Bird
Box
Dir: Susanne Bier
2018
****
It is unfortunate that Bird Box came to Netflix the
best part of a year after the hugely popular The Quiet Place but in my opinion
they’re both great films on par with each other. It should also be said that
author Josh Malerman, whose 2013 novel the film is
based on, had written a rough draft of the story before similar
post-apocalyptic film The Road and The Happening were released. All that said,
Bird Box is a unique post-apocalyptic thriller that stands on its own two feet.

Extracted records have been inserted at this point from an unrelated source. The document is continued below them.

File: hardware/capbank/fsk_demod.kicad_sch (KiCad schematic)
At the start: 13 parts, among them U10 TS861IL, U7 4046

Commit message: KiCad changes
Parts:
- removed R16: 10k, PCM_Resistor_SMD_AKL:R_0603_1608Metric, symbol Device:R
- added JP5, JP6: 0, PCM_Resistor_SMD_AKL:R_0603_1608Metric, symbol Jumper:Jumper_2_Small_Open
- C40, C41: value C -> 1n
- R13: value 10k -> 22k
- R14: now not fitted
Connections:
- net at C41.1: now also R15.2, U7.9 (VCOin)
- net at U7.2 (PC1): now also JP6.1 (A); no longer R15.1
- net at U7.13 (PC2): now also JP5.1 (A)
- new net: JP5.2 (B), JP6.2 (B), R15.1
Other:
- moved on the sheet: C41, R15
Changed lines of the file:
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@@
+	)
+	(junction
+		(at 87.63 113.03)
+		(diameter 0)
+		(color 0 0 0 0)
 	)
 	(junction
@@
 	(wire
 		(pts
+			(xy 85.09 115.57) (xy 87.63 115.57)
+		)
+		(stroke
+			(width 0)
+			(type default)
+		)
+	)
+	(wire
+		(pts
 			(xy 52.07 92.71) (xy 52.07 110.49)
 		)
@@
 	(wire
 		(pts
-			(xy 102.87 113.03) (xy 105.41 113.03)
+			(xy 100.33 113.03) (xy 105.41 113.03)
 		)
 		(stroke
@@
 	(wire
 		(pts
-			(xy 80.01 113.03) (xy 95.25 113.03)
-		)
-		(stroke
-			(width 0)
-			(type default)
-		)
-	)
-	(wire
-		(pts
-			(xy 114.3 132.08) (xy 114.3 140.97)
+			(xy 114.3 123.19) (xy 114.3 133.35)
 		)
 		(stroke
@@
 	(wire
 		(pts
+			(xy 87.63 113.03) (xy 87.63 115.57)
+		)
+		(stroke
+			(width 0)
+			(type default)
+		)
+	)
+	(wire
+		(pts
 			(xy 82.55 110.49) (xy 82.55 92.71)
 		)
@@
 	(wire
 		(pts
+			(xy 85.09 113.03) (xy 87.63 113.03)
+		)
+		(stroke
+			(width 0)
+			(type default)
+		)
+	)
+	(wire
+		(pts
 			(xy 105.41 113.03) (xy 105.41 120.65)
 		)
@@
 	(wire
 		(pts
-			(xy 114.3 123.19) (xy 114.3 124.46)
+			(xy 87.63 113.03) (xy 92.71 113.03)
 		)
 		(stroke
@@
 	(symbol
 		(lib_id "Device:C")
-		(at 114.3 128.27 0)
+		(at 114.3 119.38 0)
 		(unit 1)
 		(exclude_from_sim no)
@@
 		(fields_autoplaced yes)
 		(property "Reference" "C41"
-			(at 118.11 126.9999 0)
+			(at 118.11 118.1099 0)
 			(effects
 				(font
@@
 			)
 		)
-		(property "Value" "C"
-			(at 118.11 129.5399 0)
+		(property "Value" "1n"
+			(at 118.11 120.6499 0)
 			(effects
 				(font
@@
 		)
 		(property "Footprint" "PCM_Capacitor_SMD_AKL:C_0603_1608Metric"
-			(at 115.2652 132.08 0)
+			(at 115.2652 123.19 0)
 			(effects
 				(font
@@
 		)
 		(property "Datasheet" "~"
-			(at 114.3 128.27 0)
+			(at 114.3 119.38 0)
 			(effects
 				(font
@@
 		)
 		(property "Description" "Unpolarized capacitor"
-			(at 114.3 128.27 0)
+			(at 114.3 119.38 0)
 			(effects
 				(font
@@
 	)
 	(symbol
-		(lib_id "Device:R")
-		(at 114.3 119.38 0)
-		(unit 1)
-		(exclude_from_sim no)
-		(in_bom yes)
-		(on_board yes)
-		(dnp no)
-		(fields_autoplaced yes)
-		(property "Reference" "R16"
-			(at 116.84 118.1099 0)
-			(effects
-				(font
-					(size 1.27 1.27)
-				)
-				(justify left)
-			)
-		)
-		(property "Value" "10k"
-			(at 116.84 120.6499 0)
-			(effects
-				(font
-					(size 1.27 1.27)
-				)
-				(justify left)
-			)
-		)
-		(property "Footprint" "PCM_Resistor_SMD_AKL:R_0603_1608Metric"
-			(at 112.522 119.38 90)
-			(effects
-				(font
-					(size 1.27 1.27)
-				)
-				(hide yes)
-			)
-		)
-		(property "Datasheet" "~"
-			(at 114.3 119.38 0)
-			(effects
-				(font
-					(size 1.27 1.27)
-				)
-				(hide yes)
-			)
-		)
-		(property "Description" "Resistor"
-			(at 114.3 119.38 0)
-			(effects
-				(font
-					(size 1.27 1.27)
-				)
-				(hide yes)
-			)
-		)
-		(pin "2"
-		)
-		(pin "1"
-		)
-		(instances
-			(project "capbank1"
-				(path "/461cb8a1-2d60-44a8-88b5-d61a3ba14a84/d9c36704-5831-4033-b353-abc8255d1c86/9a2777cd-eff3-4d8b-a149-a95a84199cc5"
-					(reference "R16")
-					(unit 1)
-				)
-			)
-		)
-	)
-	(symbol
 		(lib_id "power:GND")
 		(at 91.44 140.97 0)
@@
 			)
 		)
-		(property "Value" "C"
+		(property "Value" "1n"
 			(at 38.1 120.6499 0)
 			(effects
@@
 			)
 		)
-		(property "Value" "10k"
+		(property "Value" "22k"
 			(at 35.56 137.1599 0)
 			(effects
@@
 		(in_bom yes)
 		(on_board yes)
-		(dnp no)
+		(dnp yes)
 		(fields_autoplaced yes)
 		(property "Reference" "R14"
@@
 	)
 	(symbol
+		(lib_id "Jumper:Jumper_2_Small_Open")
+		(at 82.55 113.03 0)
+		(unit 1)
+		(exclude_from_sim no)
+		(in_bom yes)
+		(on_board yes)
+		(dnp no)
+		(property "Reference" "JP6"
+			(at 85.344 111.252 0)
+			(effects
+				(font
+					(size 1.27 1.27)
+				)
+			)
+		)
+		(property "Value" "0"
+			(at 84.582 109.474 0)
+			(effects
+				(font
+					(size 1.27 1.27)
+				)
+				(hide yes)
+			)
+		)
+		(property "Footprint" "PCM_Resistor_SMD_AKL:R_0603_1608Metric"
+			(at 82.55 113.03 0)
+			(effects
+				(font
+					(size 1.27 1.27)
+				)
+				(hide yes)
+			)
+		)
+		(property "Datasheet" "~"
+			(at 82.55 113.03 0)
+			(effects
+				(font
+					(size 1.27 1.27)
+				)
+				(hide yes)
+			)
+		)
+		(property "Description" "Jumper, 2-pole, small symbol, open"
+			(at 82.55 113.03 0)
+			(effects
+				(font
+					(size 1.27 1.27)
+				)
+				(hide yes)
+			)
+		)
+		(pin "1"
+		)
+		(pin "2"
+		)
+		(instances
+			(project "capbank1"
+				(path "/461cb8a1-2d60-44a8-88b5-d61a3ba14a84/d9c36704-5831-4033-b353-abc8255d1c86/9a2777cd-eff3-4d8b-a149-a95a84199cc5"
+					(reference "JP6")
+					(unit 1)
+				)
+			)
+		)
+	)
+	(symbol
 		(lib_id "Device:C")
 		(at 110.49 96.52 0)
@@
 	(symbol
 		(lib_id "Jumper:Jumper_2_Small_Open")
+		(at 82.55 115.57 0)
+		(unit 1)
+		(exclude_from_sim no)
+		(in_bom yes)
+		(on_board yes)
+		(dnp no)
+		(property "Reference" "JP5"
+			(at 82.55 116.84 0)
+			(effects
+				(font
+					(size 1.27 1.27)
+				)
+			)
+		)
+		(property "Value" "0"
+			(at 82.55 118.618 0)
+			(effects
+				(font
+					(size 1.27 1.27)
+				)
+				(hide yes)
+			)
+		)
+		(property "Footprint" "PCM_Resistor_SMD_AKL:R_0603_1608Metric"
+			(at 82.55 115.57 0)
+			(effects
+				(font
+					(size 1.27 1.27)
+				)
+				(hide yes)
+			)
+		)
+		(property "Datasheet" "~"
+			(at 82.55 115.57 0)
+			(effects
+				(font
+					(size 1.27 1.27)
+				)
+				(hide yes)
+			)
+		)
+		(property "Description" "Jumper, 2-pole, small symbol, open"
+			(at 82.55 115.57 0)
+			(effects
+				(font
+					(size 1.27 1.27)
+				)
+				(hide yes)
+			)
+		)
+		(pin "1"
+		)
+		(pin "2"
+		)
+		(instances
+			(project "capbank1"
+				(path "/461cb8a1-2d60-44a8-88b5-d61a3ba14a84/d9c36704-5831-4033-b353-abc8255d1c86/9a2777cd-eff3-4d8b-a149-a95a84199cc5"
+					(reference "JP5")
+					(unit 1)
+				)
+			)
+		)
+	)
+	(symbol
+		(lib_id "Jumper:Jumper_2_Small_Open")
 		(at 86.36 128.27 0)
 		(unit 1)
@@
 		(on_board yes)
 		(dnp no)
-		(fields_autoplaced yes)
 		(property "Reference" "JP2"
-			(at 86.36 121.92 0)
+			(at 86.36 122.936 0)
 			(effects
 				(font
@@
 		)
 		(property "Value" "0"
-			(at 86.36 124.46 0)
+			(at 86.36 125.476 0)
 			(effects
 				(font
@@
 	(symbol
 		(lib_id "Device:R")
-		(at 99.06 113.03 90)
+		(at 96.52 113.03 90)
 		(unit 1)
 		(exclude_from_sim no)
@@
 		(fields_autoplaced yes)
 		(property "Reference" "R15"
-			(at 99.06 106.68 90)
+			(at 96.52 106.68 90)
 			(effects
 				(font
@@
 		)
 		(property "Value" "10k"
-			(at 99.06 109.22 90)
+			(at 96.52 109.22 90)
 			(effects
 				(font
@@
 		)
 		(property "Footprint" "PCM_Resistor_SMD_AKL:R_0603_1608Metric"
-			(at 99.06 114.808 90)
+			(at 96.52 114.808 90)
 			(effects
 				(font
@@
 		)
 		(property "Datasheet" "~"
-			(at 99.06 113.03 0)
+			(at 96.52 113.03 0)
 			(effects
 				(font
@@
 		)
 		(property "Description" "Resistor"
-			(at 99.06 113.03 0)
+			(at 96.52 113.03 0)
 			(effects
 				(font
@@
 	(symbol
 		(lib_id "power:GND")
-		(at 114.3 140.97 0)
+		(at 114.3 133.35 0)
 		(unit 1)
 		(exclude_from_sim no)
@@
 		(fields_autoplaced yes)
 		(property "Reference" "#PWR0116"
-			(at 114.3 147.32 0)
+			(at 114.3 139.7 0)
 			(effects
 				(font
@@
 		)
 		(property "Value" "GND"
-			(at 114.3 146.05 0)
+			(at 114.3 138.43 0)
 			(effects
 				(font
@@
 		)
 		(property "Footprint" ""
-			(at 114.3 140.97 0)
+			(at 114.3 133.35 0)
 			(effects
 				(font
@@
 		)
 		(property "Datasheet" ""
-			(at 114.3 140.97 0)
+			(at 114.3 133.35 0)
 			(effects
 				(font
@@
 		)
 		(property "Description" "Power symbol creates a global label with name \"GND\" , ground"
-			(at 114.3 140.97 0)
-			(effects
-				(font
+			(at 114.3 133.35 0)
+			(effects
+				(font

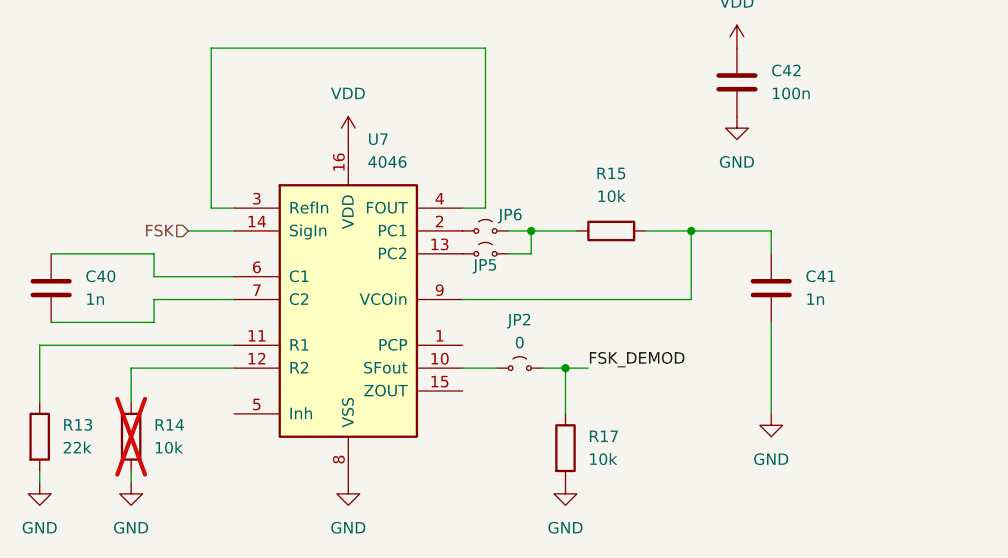
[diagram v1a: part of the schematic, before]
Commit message: Progress, layout nearly completed, build oscillator on breadboard
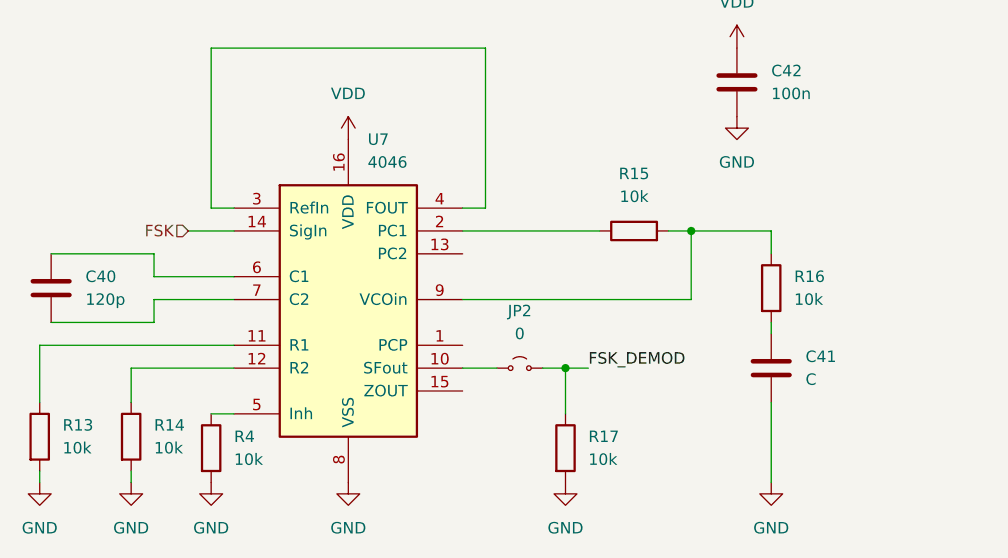
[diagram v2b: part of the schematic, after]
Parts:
- removed JP5, JP6: 0, PCM_Resistor_SMD_AKL:R_0603_1608Metric, symbol Jumper:Jumper_2_Small_Open
- added R16, R4: 10k, PCM_Resistor_SMD_AKL:R_0603_1608Metric, symbol Device:R
- C40: value 1n -> 120p
- C41: value 1n -> C
- R13: value 22k -> 10k
- R14: now fitted
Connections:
- net GND: now also R4.2
- net at R15.2, U7.9 (VCOin): now also R16.1; no longer C41.1
- net at U7.2 (PC1): now also R15.1
- net at U7.5 (Inh): now also R4.1
- new net: C41.1, R16.2
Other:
- moved on the sheet: C41, R15

It has been criticised largely for its ambiguity, which is ridiculous as this
is one of its key strengths. I do worry about younger viewers these days as the
same thing happened to Annihilation earlier on in 2018. It went straight to
Netflix so people assumed it wasn’t good enough for the cinema which was far
from the truth. I’ve seen it featured heavily in people’s favourite films of
the year lists and audiences made clear that a film should only be judged by
its own merits and not the format in which it is released. Bird Box is suffering
the same judgement, quite unfairly. The story is told in two halves, both
joining at the end. It begins with a rather stern Sandra Bullock telling two
young children to do exactly what they are told they
will be going on a dangerous journey down a river. They are instructed to not
remove their blindfolds or else they will die. It’s a startling introduction
that reels you in immediately. The story then rewinds to five years
previous, before whatever happened, happened. Bullock’s character Malorie is
talking to sister Jessica (Sarah Paulson) when they hear a strange news
story regarding mass suicides throughout Europe. After visiting their doctor
(Parminder Nagra – who seems to only play doctors these days?), following
Malorie's pregnancy checkup, they see a woman committing suicide when she bangs
her head into a glass panel. As panic and chaos erupt in the city, the duo flee
in order to get to safety. As Malorie looks away for a second Jessica suddenly
sees something that changes her persona immediately. She turns to her
sister with great sadness and intentionally crashes the car, turning it upside
down. An injured Malorie is horrified when Jessica then gets out without
helping her sister and steps in front of a large truck, killing herself
instantly. As Malorie walks around in a daze, being pushed by people running in
panic down the street she is saved by a woman who tries to get her into the
nearest house. As the women gets her inside she suddenly turns as Jessica did
and calmly sits inside a burning car. Malorie enters the house and is met by a
small group who have also sought refuge. The occupants are the home’s owner
Greg (BD Wong), his neighbour Douglas (John
Malkovich) and other survivors Charlie (Lil
Rel Howery), Tom (Trevante Rhodes), Lucy (Rosa Salazar),
Cheryl (Jacki Weaver) and Felix (Machine Gun Kelly) who all ran in the house
when things escalated. Between them they establish that there is something out
there that will make you commit suicide if you look at it. They try
to find loop holes, such as viewing it via CCTV but this fails. A car trip to
the local supermarket is performed using blacked out windows and GPS and along
the way they discover that not everyone is effected in the same way. The thing,
whatever it is, has the ability of using people to then convince others to look
at it, doing its dirty work for it/them. They are soon joined by Olympia (Danielle
Macdonald), who is also pregnant, and who lets in a
wandering survivor called Gary (Tom Hollander).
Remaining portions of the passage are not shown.